For instance, take text- text is a staple in machine-learning models of
language... but it is not language. It's a bunch of symbols that are only
intelligible in the context of an already existing language faculty. In other
words, text means nothing unless you already understand language, which is why
although we can learn pretty good models of text, we haven't made much progress
in learning models of language. Computers can generate or recognise language
pretty damn well- but when it comes to understanding it... Well, we haven't even
convincingly defined that task, let alone being able to train anything, RNN or
whatever, to perform it.
You can see similar issues with speech or image processing, where btw RNNs have
performed much better than with language.

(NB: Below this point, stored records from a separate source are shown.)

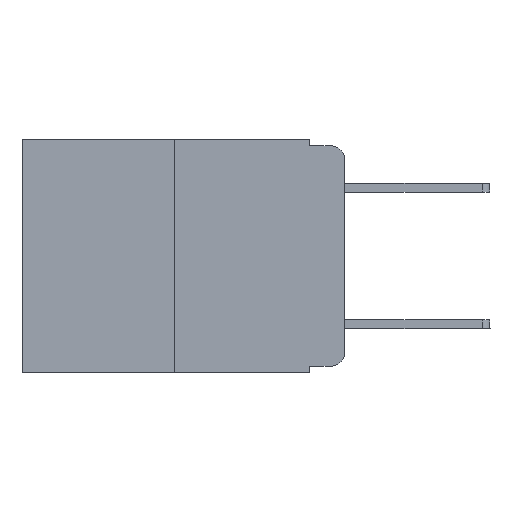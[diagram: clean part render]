
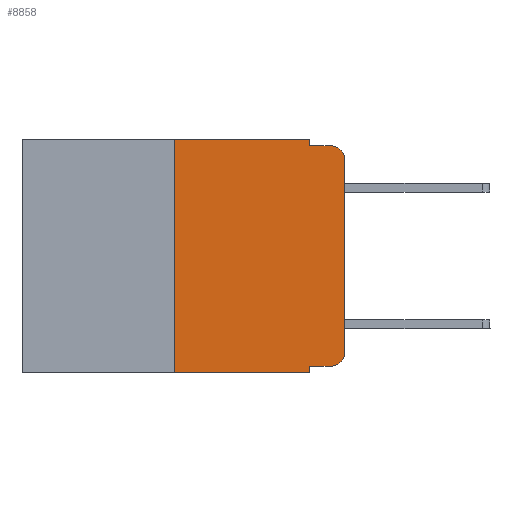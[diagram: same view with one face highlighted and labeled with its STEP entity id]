
A CAD part, left-side view. The second image highlights one B-rep face of the part: STEP entity #8858.
In plain terms, the highlighted planar face has unit normal (-1, 0, 0).
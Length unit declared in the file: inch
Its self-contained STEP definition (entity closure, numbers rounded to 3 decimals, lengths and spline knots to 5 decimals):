
#96 = VECTOR ( 'NONE', #22979, 39.37008 ) ;
#191 = VECTOR ( 'NONE', #21636, 39.37008 ) ;
#210 = LINE ( 'NONE', #14217, #15443 ) ;
#675 = DIRECTION ( 'NONE',  ( 0., -1., 0. ) ) ;
#1158 = EDGE_CURVE ( 'NONE', #14622, #8579, #11118, .T. ) ;
#1379 = EDGE_CURVE ( 'NONE', #5180, #12701, #4315, .T. ) ;
#1832 = CARTESIAN_POINT ( 'NONE',  ( 0., 0.473, -0.343 ) ) ;
#2075 = LINE ( 'NONE', #1832, #12115 ) ;
#2226 = DIRECTION ( 'NONE',  ( 0., 0., -1. ) ) ;
#2340 = VERTEX_POINT ( 'NONE', #5029 ) ;
#2424 = CARTESIAN_POINT ( 'NONE',  ( 0., 0.473, 0. ) ) ;
#3256 = ORIENTED_EDGE ( 'NONE', *, *, #24872, .T. ) ;
#4052 = CIRCLE ( 'NONE', #18667, 0.02 ) ;
#4315 = LINE ( 'NONE', #12334, #10301 ) ;
#4911 = ORIENTED_EDGE ( 'NONE', *, *, #15210, .F. ) ;
#5029 = CARTESIAN_POINT ( 'NONE',  ( 0., 0.051, -0.343 ) ) ;
#5180 = VERTEX_POINT ( 'NONE', #16711 ) ;
#5194 = ORIENTED_EDGE ( 'NONE', *, *, #1158, .T. ) ;
#5217 = EDGE_CURVE ( 'NONE', #8579, #21671, #25176, .T. ) ;
#5738 = FACE_OUTER_BOUND ( 'NONE', #17250, .T. ) ;
#5883 = DIRECTION ( 'NONE',  ( 0., -1., 0. ) ) ;
#6365 = DIRECTION ( 'NONE',  ( 0., 0., -1. ) ) ;
#6419 = ORIENTED_EDGE ( 'NONE', *, *, #21719, .T. ) ;
#6546 = CARTESIAN_POINT ( 'NONE',  ( 0., 0., -0.313 ) ) ;
#6743 = VERTEX_POINT ( 'NONE', #22026 ) ;
#7557 = LINE ( 'NONE', #17357, #14914 ) ;
#7627 = VECTOR ( 'NONE', #675, 39.37008 ) ;
#8053 = EDGE_CURVE ( 'NONE', #17218, #2340, #7557, .T. ) ;
#8102 = DIRECTION ( 'NONE',  ( 0., 0., -1. ) ) ;
#8235 = DIRECTION ( 'NONE',  ( -1., 0., 0. ) ) ;
#8579 = VERTEX_POINT ( 'NONE', #6546 ) ;
#8716 = CARTESIAN_POINT ( 'NONE',  ( 0., 0.051, -0.333 ) ) ;
#8858 = ADVANCED_FACE ( 'NONE', ( #5738 ), #19613, .F. ) ;
#10301 = VECTOR ( 'NONE', #20277, 39.37008 ) ;
#10986 = CARTESIAN_POINT ( 'NONE',  ( 0., 0.051, 0. ) ) ;
#11118 = CIRCLE ( 'NONE', #17784, 0.02 ) ;
#11150 = CARTESIAN_POINT ( 'NONE',  ( 0., 0.25, -0.343 ) ) ;
#11399 = LINE ( 'NONE', #15191, #23482 ) ;
#11475 = CARTESIAN_POINT ( 'NONE',  ( 0., 0., 0. ) ) ;
#11833 = ORIENTED_EDGE ( 'NONE', *, *, #15437, .F. ) ;
#11950 = CARTESIAN_POINT ( 'NONE',  ( 0., 0.02, -0.313 ) ) ;
#12115 = VECTOR ( 'NONE', #5883, 39.37008 ) ;
#12334 = CARTESIAN_POINT ( 'NONE',  ( 0., 0.473, 0. ) ) ;
#12407 = ORIENTED_EDGE ( 'NONE', *, *, #8053, .F. ) ;
#12701 = VERTEX_POINT ( 'NONE', #24152 ) ;
#14217 = CARTESIAN_POINT ( 'NONE',  ( 0., 0.051, -0.333 ) ) ;
#14231 = DIRECTION ( 'NONE',  ( 1., 0., 0. ) ) ;
#14622 = VERTEX_POINT ( 'NONE', #18248 ) ;
#14914 = VECTOR ( 'NONE', #23613, 39.37008 ) ;
#15191 = CARTESIAN_POINT ( 'NONE',  ( 0., 0.25, 0. ) ) ;
#15210 = EDGE_CURVE ( 'NONE', #18289, #5180, #11399, .T. ) ;
#15437 = EDGE_CURVE ( 'NONE', #12701, #6743, #18648, .T. ) ;
#15443 = VECTOR ( 'NONE', #22171, 39.37008 ) ;
#15941 = CARTESIAN_POINT ( 'NONE',  ( 0., 0.02, -0.03 ) ) ;
#15977 = ORIENTED_EDGE ( 'NONE', *, *, #5217, .T. ) ;
#16337 = EDGE_CURVE ( 'NONE', #6743, #19901, #16803, .T. ) ;
#16344 = ORIENTED_EDGE ( 'NONE', *, *, #25212, .T. ) ;
#16537 = CARTESIAN_POINT ( 'NONE',  ( 0., 0.051, -0.01 ) ) ;
#16711 = CARTESIAN_POINT ( 'NONE',  ( 0., 0.25, 0. ) ) ;
#16803 = LINE ( 'NONE', #16537, #7627 ) ;
#17218 = VERTEX_POINT ( 'NONE', #8716 ) ;
#17250 = EDGE_LOOP ( 'NONE', ( #15977, #6419, #23983, #11833, #20438, #4911, #16344, #12407, #3256, #5194 ) ) ;
#17357 = CARTESIAN_POINT ( 'NONE',  ( 0., 0.051, 0. ) ) ;
#17784 = AXIS2_PLACEMENT_3D ( 'NONE', #11950, #17942, #2226 ) ;
#17942 = DIRECTION ( 'NONE',  ( -1., 0., 0. ) ) ;
#18248 = CARTESIAN_POINT ( 'NONE',  ( 0., 0.02, -0.333 ) ) ;
#18289 = VERTEX_POINT ( 'NONE', #11150 ) ;
#18648 = LINE ( 'NONE', #10986, #96 ) ;
#18667 = AXIS2_PLACEMENT_3D ( 'NONE', #15941, #8235, #8102 ) ;
#19466 = DIRECTION ( 'NONE',  ( 0., 0., 1. ) ) ;
#19613 = PLANE ( 'NONE',  #21600 ) ;
#19901 = VERTEX_POINT ( 'NONE', #20630 ) ;
#20277 = DIRECTION ( 'NONE',  ( 0., -1., 0. ) ) ;
#20438 = ORIENTED_EDGE ( 'NONE', *, *, #1379, .F. ) ;
#20484 = CARTESIAN_POINT ( 'NONE',  ( 0., 0., -0.03 ) ) ;
#20630 = CARTESIAN_POINT ( 'NONE',  ( 0., 0.02, -0.01 ) ) ;
#21600 = AXIS2_PLACEMENT_3D ( 'NONE', #2424, #14231, #6365 ) ;
#21636 = DIRECTION ( 'NONE',  ( 0., 0., 1. ) ) ;
#21671 = VERTEX_POINT ( 'NONE', #20484 ) ;
#21719 = EDGE_CURVE ( 'NONE', #21671, #19901, #4052, .T. ) ;
#22026 = CARTESIAN_POINT ( 'NONE',  ( 0., 0.051, -0.01 ) ) ;
#22171 = DIRECTION ( 'NONE',  ( 0., -1., 0. ) ) ;
#22979 = DIRECTION ( 'NONE',  ( 0., 0., -1. ) ) ;
#23482 = VECTOR ( 'NONE', #19466, 39.37008 ) ;
#23613 = DIRECTION ( 'NONE',  ( 0., 0., -1. ) ) ;
#23983 = ORIENTED_EDGE ( 'NONE', *, *, #16337, .F. ) ;
#24152 = CARTESIAN_POINT ( 'NONE',  ( 0., 0.051, 0. ) ) ;
#24872 = EDGE_CURVE ( 'NONE', #17218, #14622, #210, .T. ) ;
#25176 = LINE ( 'NONE', #11475, #191 ) ;
#25212 = EDGE_CURVE ( 'NONE', #18289, #2340, #2075, .T. ) ;
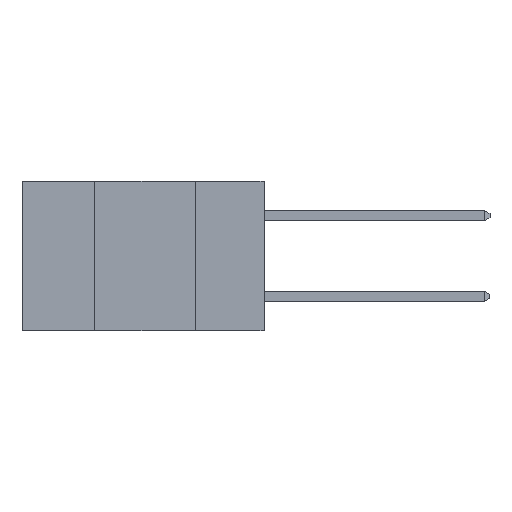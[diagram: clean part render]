
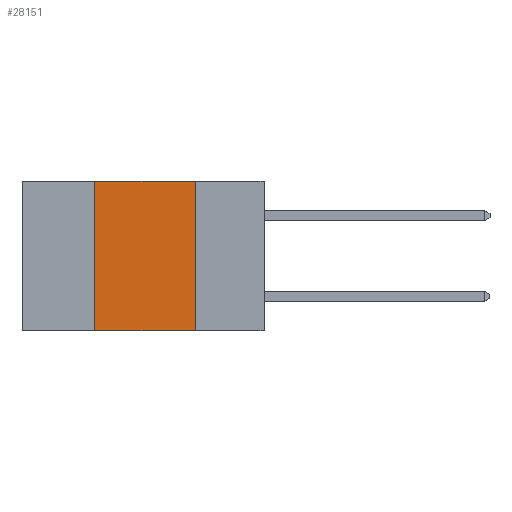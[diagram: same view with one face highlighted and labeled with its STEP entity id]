
A CAD part, left-side view. The second image highlights one B-rep face of the part: STEP entity #28151.
In plain terms, the highlighted planar face has unit normal (-1, 0, 0).
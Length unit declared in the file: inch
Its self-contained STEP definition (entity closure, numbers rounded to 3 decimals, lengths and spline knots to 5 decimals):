
#154 = ORIENTED_EDGE ( 'NONE', *, *, #23451, .F. ) ;
#612 = FACE_OUTER_BOUND ( 'NONE', #6017, .T. ) ;
#3988 = LINE ( 'NONE', #23745, #14704 ) ;
#4629 = VERTEX_POINT ( 'NONE', #7211 ) ;
#5138 = VECTOR ( 'NONE', #8549, 39.37008 ) ;
#6017 = EDGE_LOOP ( 'NONE', ( #10857, #29007, #154, #19028 ) ) ;
#6268 = CARTESIAN_POINT ( 'NONE',  ( 0., 0.6, 0. ) ) ;
#7211 = CARTESIAN_POINT ( 'NONE',  ( 0., 0.17, 0. ) ) ;
#8549 = DIRECTION ( 'NONE',  ( 0., -1., 0. ) ) ;
#10787 = CARTESIAN_POINT ( 'NONE',  ( 0., 0.17, -0.37 ) ) ;
#10857 = ORIENTED_EDGE ( 'NONE', *, *, #25000, .F. ) ;
#14564 = CARTESIAN_POINT ( 'NONE',  ( 0., 0.6, 0. ) ) ;
#14602 = CARTESIAN_POINT ( 'NONE',  ( 0., 0.42, -0.37 ) ) ;
#14663 = DIRECTION ( 'NONE',  ( 0., 0., -1. ) ) ;
#14704 = VECTOR ( 'NONE', #21570, 39.37008 ) ;
#15855 = LINE ( 'NONE', #6268, #5138 ) ;
#18755 = AXIS2_PLACEMENT_3D ( 'NONE', #14564, #28271, #14663 ) ;
#19028 = ORIENTED_EDGE ( 'NONE', *, *, #28028, .T. ) ;
#20233 = VECTOR ( 'NONE', #23323, 39.37008 ) ;
#21028 = CARTESIAN_POINT ( 'NONE',  ( 0., 0.6, -0.37 ) ) ;
#21570 = DIRECTION ( 'NONE',  ( 0., 0., -1. ) ) ;
#21659 = CARTESIAN_POINT ( 'NONE',  ( 0., 0.42, 0. ) ) ;
#23323 = DIRECTION ( 'NONE',  ( 0., -1., 0. ) ) ;
#23416 = CARTESIAN_POINT ( 'NONE',  ( 0., 0.42, 0. ) ) ;
#23451 = EDGE_CURVE ( 'NONE', #27452, #25617, #26937, .T. ) ;
#23620 = VERTEX_POINT ( 'NONE', #10787 ) ;
#23628 = EDGE_CURVE ( 'NONE', #25617, #4629, #15855, .T. ) ;
#23708 = PLANE ( 'NONE',  #18755 ) ;
#23745 = CARTESIAN_POINT ( 'NONE',  ( 0., 0.17, 0. ) ) ;
#23930 = DIRECTION ( 'NONE',  ( 0., 0., 1. ) ) ;
#24534 = LINE ( 'NONE', #21028, #20233 ) ;
#25000 = EDGE_CURVE ( 'NONE', #4629, #23620, #3988, .T. ) ;
#25617 = VERTEX_POINT ( 'NONE', #23416 ) ;
#26231 = VECTOR ( 'NONE', #23930, 39.37008 ) ;
#26937 = LINE ( 'NONE', #21659, #26231 ) ;
#27452 = VERTEX_POINT ( 'NONE', #14602 ) ;
#28028 = EDGE_CURVE ( 'NONE', #27452, #23620, #24534, .T. ) ;
#28151 = ADVANCED_FACE ( 'NONE', ( #612 ), #23708, .F. ) ;
#28271 = DIRECTION ( 'NONE',  ( 1., 0., 0. ) ) ;
#29007 = ORIENTED_EDGE ( 'NONE', *, *, #23628, .F. ) ;
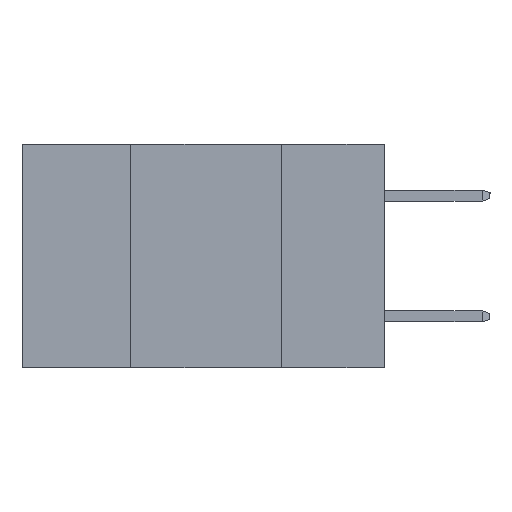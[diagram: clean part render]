
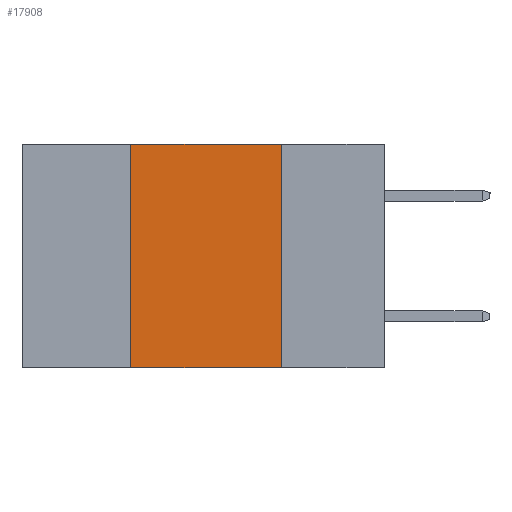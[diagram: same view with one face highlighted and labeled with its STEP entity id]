
A CAD part, left-side view. The second image highlights one B-rep face of the part: STEP entity #17908.
In plain terms, the highlighted planar face has unit normal (-1, 0, 0).
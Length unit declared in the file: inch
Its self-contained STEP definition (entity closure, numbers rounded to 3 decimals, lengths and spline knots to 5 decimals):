
#250 = AXIS2_PLACEMENT_3D ( 'NONE', #3519, #15599, #23444 ) ;
#753 = ORIENTED_EDGE ( 'NONE', *, *, #24306, .F. ) ;
#1324 = DIRECTION ( 'NONE',  ( 0., 0., 1. ) ) ;
#1574 = CARTESIAN_POINT ( 'NONE',  ( 0., 0.42, -0.37 ) ) ;
#2207 = ORIENTED_EDGE ( 'NONE', *, *, #19426, .F. ) ;
#3519 = CARTESIAN_POINT ( 'NONE',  ( 0., 0.6, 0. ) ) ;
#3941 = ORIENTED_EDGE ( 'NONE', *, *, #6140, .T. ) ;
#4387 = VERTEX_POINT ( 'NONE', #20179 ) ;
#5650 = ORIENTED_EDGE ( 'NONE', *, *, #7039, .F. ) ;
#5925 = CARTESIAN_POINT ( 'NONE',  ( 0., 0.42, -0.37 ) ) ;
#6026 = VECTOR ( 'NONE', #15760, 39.37008 ) ;
#6140 = EDGE_CURVE ( 'NONE', #18760, #11554, #20600, .T. ) ;
#7039 = EDGE_CURVE ( 'NONE', #4387, #10942, #21393, .T. ) ;
#8478 = VECTOR ( 'NONE', #1324, 39.37008 ) ;
#9684 = FACE_OUTER_BOUND ( 'NONE', #24200, .T. ) ;
#9721 = LINE ( 'NONE', #19737, #6026 ) ;
#10942 = VERTEX_POINT ( 'NONE', #11495 ) ;
#10975 = DIRECTION ( 'NONE',  ( 0., -1., 0. ) ) ;
#11495 = CARTESIAN_POINT ( 'NONE',  ( 0., 0.17, 0. ) ) ;
#11554 = VERTEX_POINT ( 'NONE', #12959 ) ;
#12959 = CARTESIAN_POINT ( 'NONE',  ( 0., 0.17, -0.37 ) ) ;
#13702 = CARTESIAN_POINT ( 'NONE',  ( 0., 0.6, 0. ) ) ;
#14469 = VECTOR ( 'NONE', #23586, 39.37008 ) ;
#15474 = PLANE ( 'NONE',  #250 ) ;
#15599 = DIRECTION ( 'NONE',  ( 1., 0., 0. ) ) ;
#15760 = DIRECTION ( 'NONE',  ( 0., 0., -1. ) ) ;
#17908 = ADVANCED_FACE ( 'NONE', ( #9684 ), #15474, .F. ) ;
#18680 = CARTESIAN_POINT ( 'NONE',  ( 0., 0.6, -0.37 ) ) ;
#18760 = VERTEX_POINT ( 'NONE', #5925 ) ;
#19299 = LINE ( 'NONE', #1574, #8478 ) ;
#19426 = EDGE_CURVE ( 'NONE', #10942, #11554, #9721, .T. ) ;
#19737 = CARTESIAN_POINT ( 'NONE',  ( 0., 0.17, -0.37 ) ) ;
#20179 = CARTESIAN_POINT ( 'NONE',  ( 0., 0.42, 0. ) ) ;
#20600 = LINE ( 'NONE', #18680, #25214 ) ;
#21393 = LINE ( 'NONE', #13702, #14469 ) ;
#23444 = DIRECTION ( 'NONE',  ( 0., 0., -1. ) ) ;
#23586 = DIRECTION ( 'NONE',  ( 0., -1., 0. ) ) ;
#24200 = EDGE_LOOP ( 'NONE', ( #2207, #5650, #753, #3941 ) ) ;
#24306 = EDGE_CURVE ( 'NONE', #18760, #4387, #19299, .T. ) ;
#25214 = VECTOR ( 'NONE', #10975, 39.37008 ) ;

So, just because RNNs can learn functions in principle it doesn't mean that we
can really reproduce human behaviour in practice.
The fact that the brain uses very little power and yet manages to solve really hard problems means that whatever it's doing is very efficient. The fact that ANNs need terrabytes of data and petaflops of processing power and still can only show rudimentary aptitude in mechanical tasks means they're not very efficient at all. Not that anyone ever called ANNs "efficient" (I'm not talking about backprop- but about iterating through covariance matrices). But if they were as efficient as the brain, they'd now be way, way smarter than us.
We know from undergraduate Comp Sci that there are problems that can simply not be solved, except with efficient algorithms. The fact that the brain is doing something terribly efficient is a big hint that whatever it's doing requires it to be that (because evolution hand waving hand waving). ANNs are nothing like that - they're practically brute force.
So how then can anyone expect that we're going to solve the hard problems the brain can, with ANNs?